*What to work on:*
Set down, word for word, each line from the top of the data through the line that has "msp.add_arc((0, 0), 200, 0, 60)"; omit every picture.

*Data in this exercise:*
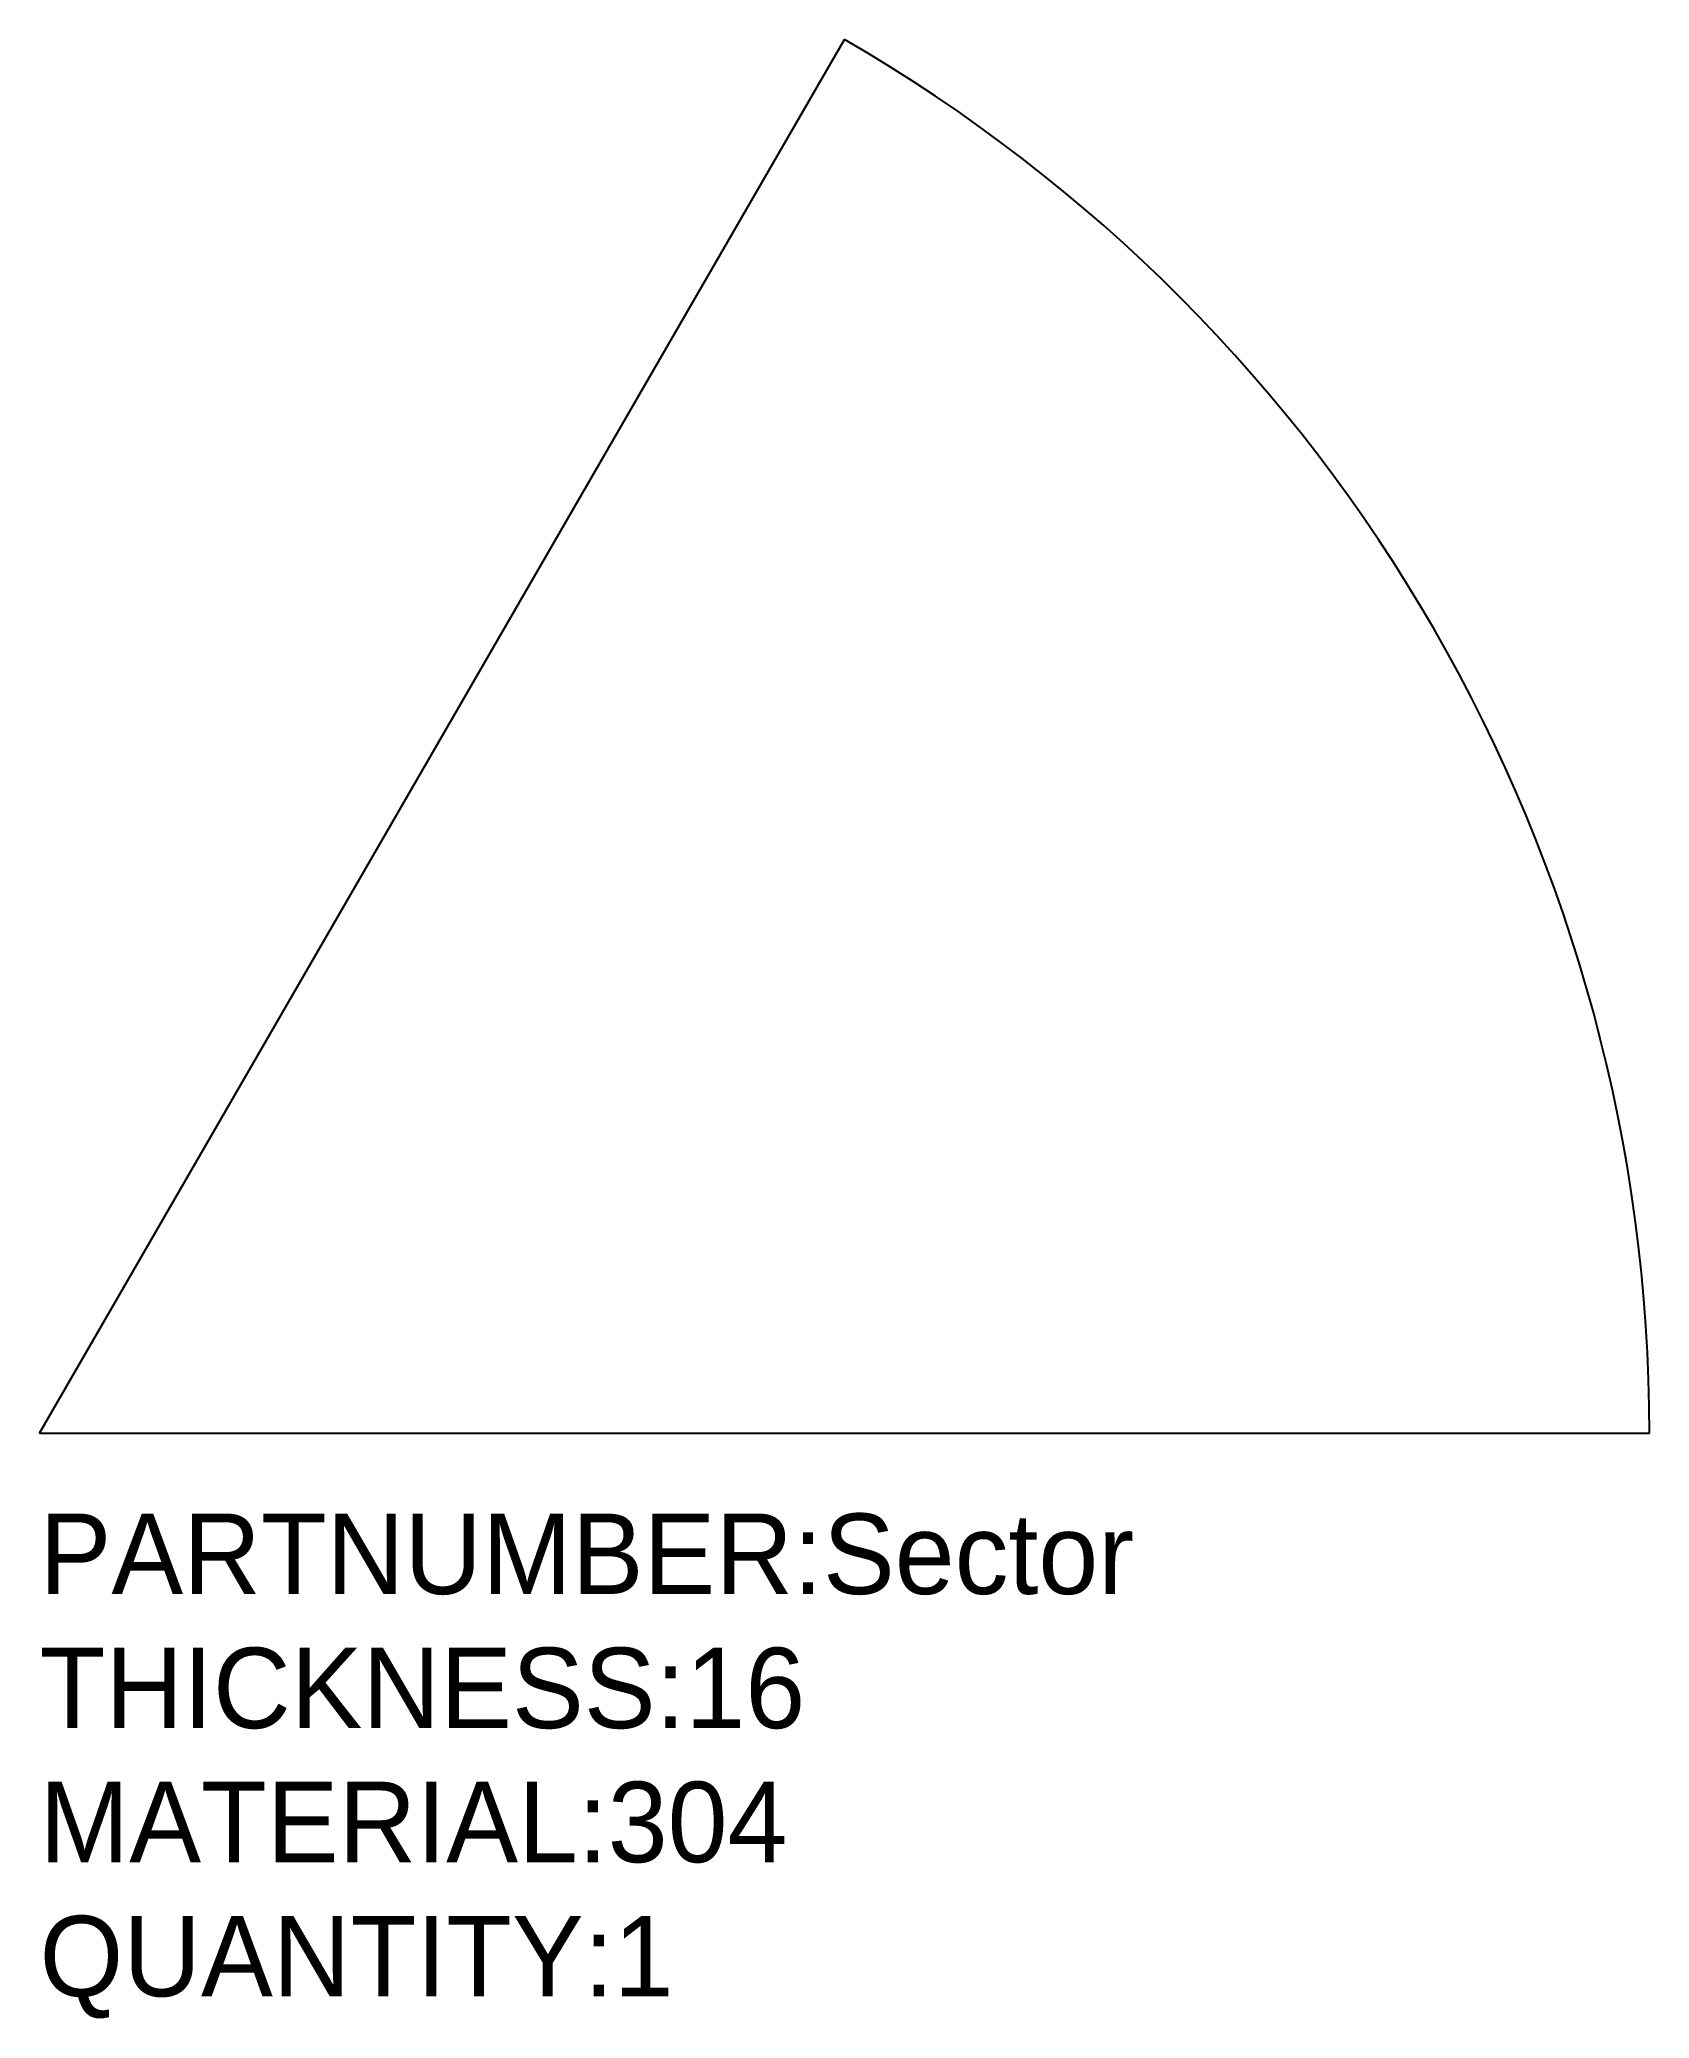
# Model space of a CAD drawing. Extents: x 0 to 200, y -73 to 173.
import ezdxf

# ---------------------------------------------------------------- set-up
doc = ezdxf.new("R2010")
doc.units = 0

msp = doc.modelspace()

# ---------------------------------------------------------------- linework, layer by layer
for q in [(100, 173.21), (200, 0)]:
    msp.add_line((0, 0), q)
msp.add_arc((0, 0), 200, 0, 60)

# ---------------------------------------------------------------- texts
for s, p in [('PARTNUMBER:Sector', (0, -20)), ('THICKNESS:16', (0, -36.67)), ('MATERIAL:304', (0, -53.33)), ('QUANTITY:1', (0, -70))]:
    msp.add_text(s, height=10).set_placement(p)

doc.saveas('drawing.dxf')

*Solution to the exercise:*
# Model space of a CAD drawing. Extents: x 0 to 200, y -73 to 173.
import ezdxf

# ---------------------------------------------------------------- set-up
doc = ezdxf.new("R2010")
doc.units = 0

msp = doc.modelspace()

# ---------------------------------------------------------------- linework, layer by layer
for q in [(100, 173.21), (200, 0)]:
    msp.add_line((0, 0), q)
msp.add_arc((0, 0), 200, 0, 60)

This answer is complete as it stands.